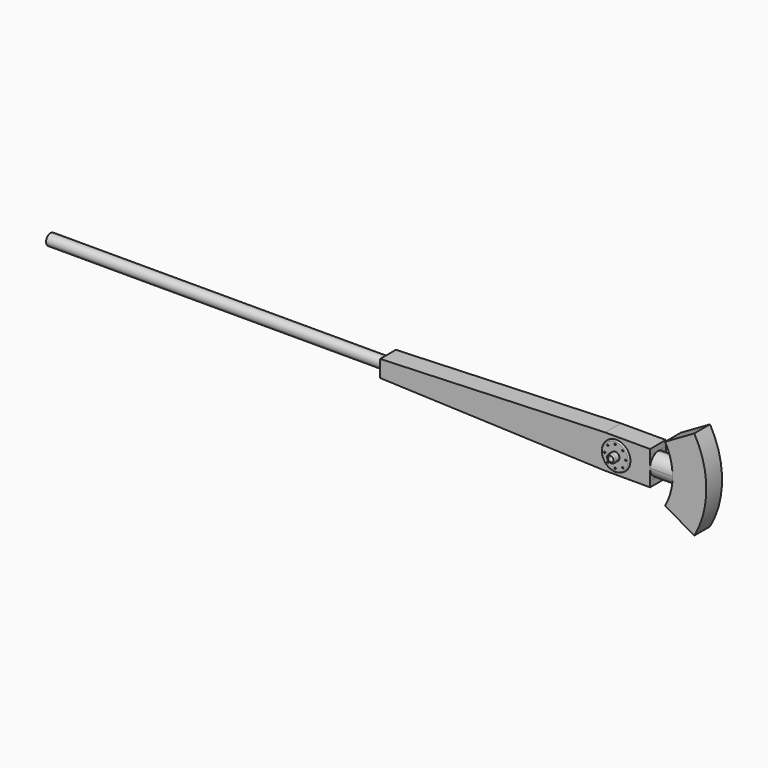
from build123d import *

# Parameters (mm, degrees)
F1_R          = 12.7
F2_DEPTH      = 88.9
F4_DEPTH      = 152.4
F5_R          = 25.4
F5_R_2        = 23.8125
F6_DEPTH      = 1524
F7_R          = 63.5
F7_R_2        = 3.175
F7_R_3        = 12.7
F8_DEPTH      = 6.35
F9_R          = 19.05
F9_R_2        = 12.7
F10_DEPTH     = 25.4
F11_R         = 5.08
F12_R         = 63.5
F12_R_2       = 3.175
F12_R_3       = 12.7
F13_DEPTH     = 6.35
F14_R         = 19.05
F14_R_2       = 12.7
F15_DEPTH     = 25.4
F16_R         = 5.08
F17_T4_DEPTH  = 222.8331578668
F17_S5_R      = 254
F17_T6_DEPTH  = 119
F17_T10_DEPTH = 222.8331578668
F17_S11_R     = 254
F17_T12_DEPTH = 119
F17_T16_DEPTH = 222.8331578668
F17_S17_R     = 254
F17_T18_DEPTH = 119
F17_T22_DEPTH = 222.8331578668
F17_S23_R     = 254
F17_T24_DEPTH = 119


# Not quite as in the source:
# - a fillet or chamfer that OpenCascade refuses, or shapes differently, is made with other operations: its cross-section is extruded or revolved along the edge and cut away or added


with BuildPart() as f2:
    # F1 (on Front) → F2 (new body)
    with BuildSketch(Plane.XZ):
        with BuildLine():
            Line((0, 76.2), (0, -76.2))
            Line((0, -76.2), (1219.2, -76.2))
            Line((1219.2, -76.2), (1219.2, -50.8))
            Line((1219.2, -50.8), (1315.6681578668, -50.8))
            ThreePointArc((1315.6681578668, -50.8), (1304.2953066, -90.0665273172), (1286.7704525612, -127))
            Line((1286.7704525612, -127), (1418.752724098, -203.2))
            ThreePointArc((1418.752724098, -203.2), (1473.2, 0), (1418.752724098, 203.2))
            Line((1418.752724098, 203.2), (1286.7704525612, 127))
            ThreePointArc((1286.7704525612, 127), (1304.2953066, 90.0665273172), (1315.6681578668, 50.8))
            Line((1315.6681578668, 50.8), (1219.2, 50.8))
            Line((1219.2, 50.8), (1219.2, 76.2))
            Line((1219.2, 76.2), (0, 76.2))
        make_face()
        with Locations((1066.8, 0)):
            Circle(F1_R, mode=Mode.SUBTRACT)
    extrude(amount=F2_DEPTH)

    # F3 (on face) → F4 (cut)
    with BuildSketch(Plane.XZ.offset(88.9)):
        Polygon((1016, 76.2), (0, 76.2), (0, 38.1), align=None)
        Polygon((0, -38.1), (0, -76.2), (1016, -76.2), align=None)
    extrude(amount=-F4_DEPTH, mode=Mode.SUBTRACT)

    # F5 (on face) → F6 (join)
    with BuildSketch(Plane(origin=(0, 0, 0), x_dir=(0, -1, 0), z_dir=(-1, 0, 0))):
        with Locations((44.45, 0)):
            Circle(F5_R)
        with Locations((44.45, 0)):
            Circle(F5_R_2, mode=Mode.SUBTRACT)
    extrude(amount=F6_DEPTH)

    # F7 (on face) → F8 (join)
    with BuildSketch(Plane.XZ.offset(88.9)):
        with Locations((1066.8, 0)):
            Circle(F7_R)
        with Locations((1033.124039546, -33.675960454)):
            Circle(F7_R_2, mode=Mode.SUBTRACT)
        with Locations((1066.8, -47.625)):
            Circle(F7_R_2, mode=Mode.SUBTRACT)
        with Locations((1100.475960454, -33.675960454)):
            Circle(F7_R_2, mode=Mode.SUBTRACT)
        with Locations((1019.175, 0)):
            Circle(F7_R_2, mode=Mode.SUBTRACT)
        with Locations((1033.124039546, 33.675960454)):
            Circle(F7_R_2, mode=Mode.SUBTRACT)
        with Locations((1066.8, 0)):
            Circle(F7_R_3, mode=Mode.SUBTRACT)
        with Locations((1114.425, 0)):
            Circle(F7_R_2, mode=Mode.SUBTRACT)
        with Locations((1066.8, 47.625)):
            Circle(F7_R_2, mode=Mode.SUBTRACT)
        with Locations((1100.475960454, 33.675960454)):
            Circle(F7_R_2, mode=Mode.SUBTRACT)
    extrude(amount=F8_DEPTH)

    # F9 (on face) → F10 (join)
    with BuildSketch(Plane.XZ.offset(95.25)):
        with Locations((1066.8, 0)):
            Circle(F9_R)
        with Locations((1066.8, 0)):
            Circle(F9_R_2, mode=Mode.SUBTRACT)
    extrude(amount=F10_DEPTH)

    # F11
    f11_edges = [f2.edges().sort_by_distance(p)[0] for p in [
        (1047.75, -120.65, 0),
        (1003.3, -95.25, 0),
    ]]
    fillet(f11_edges, radius=F11_R)

    # F12 (on face) → F13 (join)
    with BuildSketch(Plane(origin=(0, 0, 0), x_dir=(-1, 0, 0), z_dir=(0, 1, 0))):
        with Locations((-1066.8, 0)):
            Circle(F12_R)
        with Locations((-1100.475960454, -33.675960454)):
            Circle(F12_R_2, mode=Mode.SUBTRACT)
        with Locations((-1066.8, -47.625)):
            Circle(F12_R_2, mode=Mode.SUBTRACT)
        with Locations((-1033.124039546, -33.675960454)):
            Circle(F12_R_2, mode=Mode.SUBTRACT)
        with Locations((-1114.425, 0)):
            Circle(F12_R_2, mode=Mode.SUBTRACT)
        with Locations((-1100.475960454, 33.675960454)):
            Circle(F12_R_2, mode=Mode.SUBTRACT)
        with Locations((-1066.8, 0)):
            Circle(F12_R_3, mode=Mode.SUBTRACT)
        with Locations((-1019.175, 0)):
            Circle(F12_R_2, mode=Mode.SUBTRACT)
        with Locations((-1066.8, 47.625)):
            Circle(F12_R_2, mode=Mode.SUBTRACT)
        with Locations((-1033.124039546, 33.675960454)):
            Circle(F12_R_2, mode=Mode.SUBTRACT)
    extrude(amount=F13_DEPTH)

    # F14 (on face) → F15 (join)
    with BuildSketch(Plane(origin=(0, 6.35, 0), x_dir=(-1, 0, 0), z_dir=(0, 1, 0))):
        with Locations((-1066.8, 0)):
            Circle(F14_R)
        with Locations((-1066.8, 0)):
            Circle(F14_R_2, mode=Mode.SUBTRACT)
    extrude(amount=F15_DEPTH)

    # F16
    f16_edges = [f2.edges().sort_by_distance(p)[0] for p in [
        (1130.3, 6.35, 0),
        (1085.85, 31.75, 0),
    ]]
    fillet(f16_edges, radius=F16_R)

    # F17: fillet of radius 50.546 on 4 edges, made by hand


with BuildPart() as f17_tool2:
    # F17_s3 → F17_t4 (new body)
    with BuildSketch(Plane.YZ.offset(1442.0331578668)):
        with BuildLine():
            ThreePointArc((-38.354, 50.8), (-74.0954193619, 35.9954193619), (-88.9, 0.254))
            Line((-88.9, 0.254), (-88.9, 50.8))
            Line((-88.9, 50.8), (-38.354, 50.8))
        make_face()
    extrude(amount=-F17_T4_DEPTH)

    # F17_s5 → F17_t6 (intersect, symmetric)
    with BuildSketch(Plane.XZ.offset(63.6)):
        with Locations((1066.8, 0)):
            Circle(F17_S5_R)
    extrude(amount=F17_T6_DEPTH, both=True, mode=Mode.INTERSECT)


with BuildPart() as f2_1:
    add(f2.part)

    # F17_t1: cut F17_tool2
    add(f17_tool2.part, mode=Mode.SUBTRACT)


with BuildPart() as f17_tool8:
    # F17_s9 → F17_t10 (new body)
    with BuildSketch(Plane.YZ.offset(1219.2)):
        with BuildLine():
            ThreePointArc((-38.354, -50.8), (-74.0954193619, -35.9954193619), (-88.9, -0.254))
            Line((-88.9, -0.254), (-88.9, -50.8))
            Line((-88.9, -50.8), (-38.354, -50.8))
        make_face()
    extrude(amount=F17_T10_DEPTH)

    # F17_s11 → F17_t12 (intersect, symmetric)
    with BuildSketch(Plane.XZ.offset(63.6)):
        with Locations((1066.8, 0)):
            Circle(F17_S11_R)
    extrude(amount=F17_T12_DEPTH, both=True, mode=Mode.INTERSECT)


with BuildPart() as f2_2:
    add(f2_1.part)

    # F17_t7: cut F17_tool8
    add(f17_tool8.part, mode=Mode.SUBTRACT)


with BuildPart() as f17_tool14:
    # F17_s15 → F17_t16 (new body)
    with BuildSketch(Plane.YZ.offset(1219.2)):
        with BuildLine():
            ThreePointArc((0, -0.254), (-14.8045806381, -35.9954193619), (-50.546, -50.8))
            Line((-50.546, -50.8), (0, -50.8))
            Line((0, -50.8), (0, -0.254))
        make_face()
    extrude(amount=F17_T16_DEPTH)

    # F17_s17 → F17_t18 (intersect, symmetric)
    with BuildSketch(Plane.XZ.offset(25.3)):
        with Locations((1066.8, 0)):
            Circle(F17_S17_R)
    extrude(amount=F17_T18_DEPTH, both=True, mode=Mode.INTERSECT)


with BuildPart() as f2_3:
    add(f2_2.part)

    # F17_t13: cut F17_tool14
    add(f17_tool14.part, mode=Mode.SUBTRACT)


with BuildPart() as f17_tool20:
    # F17_s21 → F17_t22 (new body)
    with BuildSketch(Plane.YZ.offset(1442.0331578668)):
        with BuildLine():
            ThreePointArc((0, 0.254), (-14.8045806381, 35.9954193619), (-50.546, 50.8))
            Line((-50.546, 50.8), (0, 50.8))
            Line((0, 50.8), (0, 0.254))
        make_face()
    extrude(amount=-F17_T22_DEPTH)

    # F17_s23 → F17_t24 (intersect, symmetric)
    with BuildSketch(Plane.XZ.offset(25.3)):
        with Locations((1066.8, 0)):
            Circle(F17_S23_R)
    extrude(amount=F17_T24_DEPTH, both=True, mode=Mode.INTERSECT)


with BuildPart() as f2_4:
    add(f2_3.part)

    # F17_t19: cut F17_tool20
    add(f17_tool20.part, mode=Mode.SUBTRACT)


solid = f2_4.part
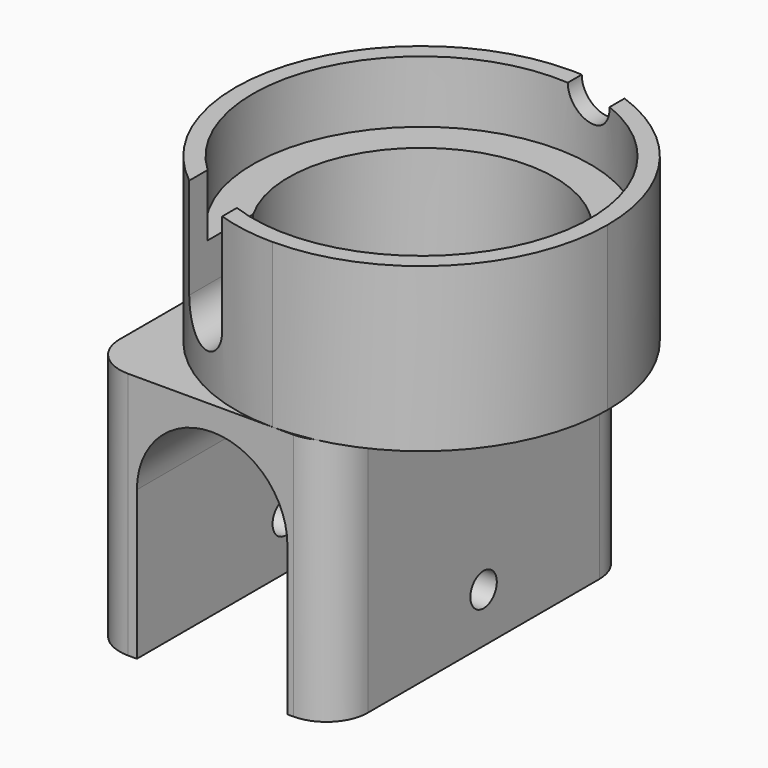
from build123d import *

# Parameters (mm, degrees)
F0_W      = 45
F0_H      = 45
F1_DEPTH  = 19.7
F2_R      = 20.4
F3_DEPTH  = 7.5
F4_R      = 16.1
F5_DEPTH  = 12.2
F7_DEPTH  = 14.5505284159
F9_DEPTH  = 3.5695447941
F11_DEPTH = 30
F13_DEPTH = 45
F14_R     = 22.49999
F16_DEPTH = 2
F17_R     = 2
F18_DEPTH = 43.0010001
F19_R     = 5
F20_R     = 1.5
F21_DEPTH = 7.5
F22_R     = 1.5
F23_DEPTH = 3


# Not quite as in the source:
# - a fillet or chamfer is up to 0.001 mm smaller than in the source, because OpenCascade refuses the exact size


with BuildPart() as f1:
    # F0 (on Top) → F1 (new body)
    with BuildSketch(Plane.XY):
        Rectangle(F0_W, F0_H)
    extrude(amount=F1_DEPTH)

    # F2 (on face) → F3 (cut)
    with BuildSketch(Plane.XY.offset(19.7)):
        Circle(F2_R)
    extrude(amount=-F3_DEPTH, mode=Mode.SUBTRACT)

    # F4 (on face) → F5 (cut, through all)
    with BuildSketch(Plane.XY.offset(12.2)):
        Circle(F4_R)
    extrude(amount=-F5_DEPTH, mode=Mode.SUBTRACT)

    # F6 (on face) → F7 (cut, through all)
    with BuildSketch(Plane.XZ.offset(22.5)):
        with BuildLine():
            Line((-14, 19.7), (-14, 7.5))
            ThreePointArc((-14, 7.5), (-10.5, 4), (-7, 7.5))
            Line((-7, 7.5), (-7, 19.7))
            Line((-7, 19.7), (-14, 19.7))
        make_face()
    extrude(amount=-F7_DEPTH, mode=Mode.SUBTRACT)

    # F8 (on face) → F9 (cut, through all)
    with BuildSketch(Plane(origin=(0, 22.5, 0), x_dir=(-1, 0, 0), z_dir=(0, 1, 0))):
        with BuildLine():
            Line((-1.4, 19.7), (-7.6, 19.7))
            ThreePointArc((-7.6, 19.7), (-4.5, 16.6), (-1.4, 19.7))
        make_face()
    extrude(amount=-F9_DEPTH, mode=Mode.SUBTRACT)

    # F14 (radius 22.5 in the source; OpenCascade refuses exactly that, so slightly less here)
    f14_edges = [f1.edges().sort_by_distance(p)[0] for p in [
        (22.5, -22.5, 9.85),
        (-22.5, -22.5, 9.85),
        (-22.5, 22.5, 9.85),
        (22.5, 22.5, 9.85),
    ]]
    fillet(f14_edges, radius=F14_R)


with BuildPart() as f11:
    # F10 (on face) → F11 (new body)
    with BuildSketch(Plane(origin=(0, 0, 0), x_dir=(1, 0, 0), z_dir=(0, 0, -1))):
        with BuildLine():
            Line((7.5, 22.5), (-22.5, 22.5))
            Line((-22.5, 22.5), (-22.5, -22.5))
            Line((-22.5, -22.5), (7.5, -22.5))
            Line((7.5, -22.5), (7.5, -14.2464030548))
            ThreePointArc((7.5, -14.2464030548), (-16.1, 0), (7.5, 14.2464030548))
            Line((7.5, 14.2464030548), (7.5, 22.5))
        make_face()
        with BuildLine():
            Line((7.5, -14.2464030548), (7.5, 14.2464030548))
            ThreePointArc((7.5, 14.2464030548), (-16.1, 0), (7.5, -14.2464030548))
        make_face()
    extrude(amount=F11_DEPTH)

    # F12 (on face) → F13 (cut, through all)
    with BuildSketch(Plane.XZ.offset(22.5)):
        with BuildLine():
            Line((1.7810865191, -30), (1.7810865191, -12))
            ThreePointArc((1.7810865191, -12), (-7.3189134809, -2.9), (-16.4189134809, -12))
            Line((-16.4189134809, -12), (-16.4189134809, -30))
            Line((-16.4189134809, -30), (1.7810865191, -30))
        make_face()
    extrude(amount=-F13_DEPTH, mode=Mode.SUBTRACT)

    # F15 (on face) → F16 (cut)
    with BuildSketch(Plane(origin=(-22.5, 0, 0), x_dir=(0, -1, 0), z_dir=(-1, 0, 0))):
        Polygon((-2, -27.4641016151), (2, -27.4641016151), (4, -24), (2, -20.5358983849), (-2, -20.5358983849), (-4, -24), align=None)
    extrude(amount=-F16_DEPTH, mode=Mode.SUBTRACT)

    # F17 (on face) → F18 (cut, through all)
    with BuildSketch(Plane(origin=(-20.5, 0, 0), x_dir=(0, -1, 0), z_dir=(-1, 0, 0))):
        with Locations((0, -24)):
            Circle(F17_R)
    extrude(amount=-F18_DEPTH, mode=Mode.SUBTRACT)

    # F19
    f19_edges = [f11.edges().sort_by_distance(p)[0] for p in [
        (-22.5, -22.5, -15),
        (7.5, -22.5, -15),
        (7.5, 22.5, -15),
        (-22.5, 22.5, -15),
    ]]
    fillet(f19_edges, radius=F19_R)

    # F20 (on face) → F21 (cut)
    with BuildSketch(Plane.XY):
        Circle(F20_R)
    extrude(amount=-F21_DEPTH, mode=Mode.SUBTRACT)

    # F22 (on face) → F23 (cut)
    with BuildSketch(Plane.XY):
        with Locations((-12, 0)):
            Circle(F22_R)
    extrude(amount=-F23_DEPTH, mode=Mode.SUBTRACT)


solid = Compound([f1.part, f11.part])

## [WHAT YOU NEED TO DO]
Give back the records above exactly, limited to the lines between the one holding "F16_DEPTH = 2" and the one holding "# F2 (on face) → F3 (cut)", inclusive.

## [ANSWER SECTION]
F16_DEPTH = 2
F17_R     = 2
F18_DEPTH = 43.0010001
F19_R     = 5
F20_R     = 1.5
F21_DEPTH = 7.5
F22_R     = 1.5
F23_DEPTH = 3


# Not quite as in the source:
# - a fillet or chamfer is up to 0.001 mm smaller than in the source, because OpenCascade refuses the exact size


with BuildPart() as f1:
    # F0 (on Top) → F1 (new body)
    with BuildSketch(Plane.XY):
        Rectangle(F0_W, F0_H)
    extrude(amount=F1_DEPTH)

    # F2 (on face) → F3 (cut)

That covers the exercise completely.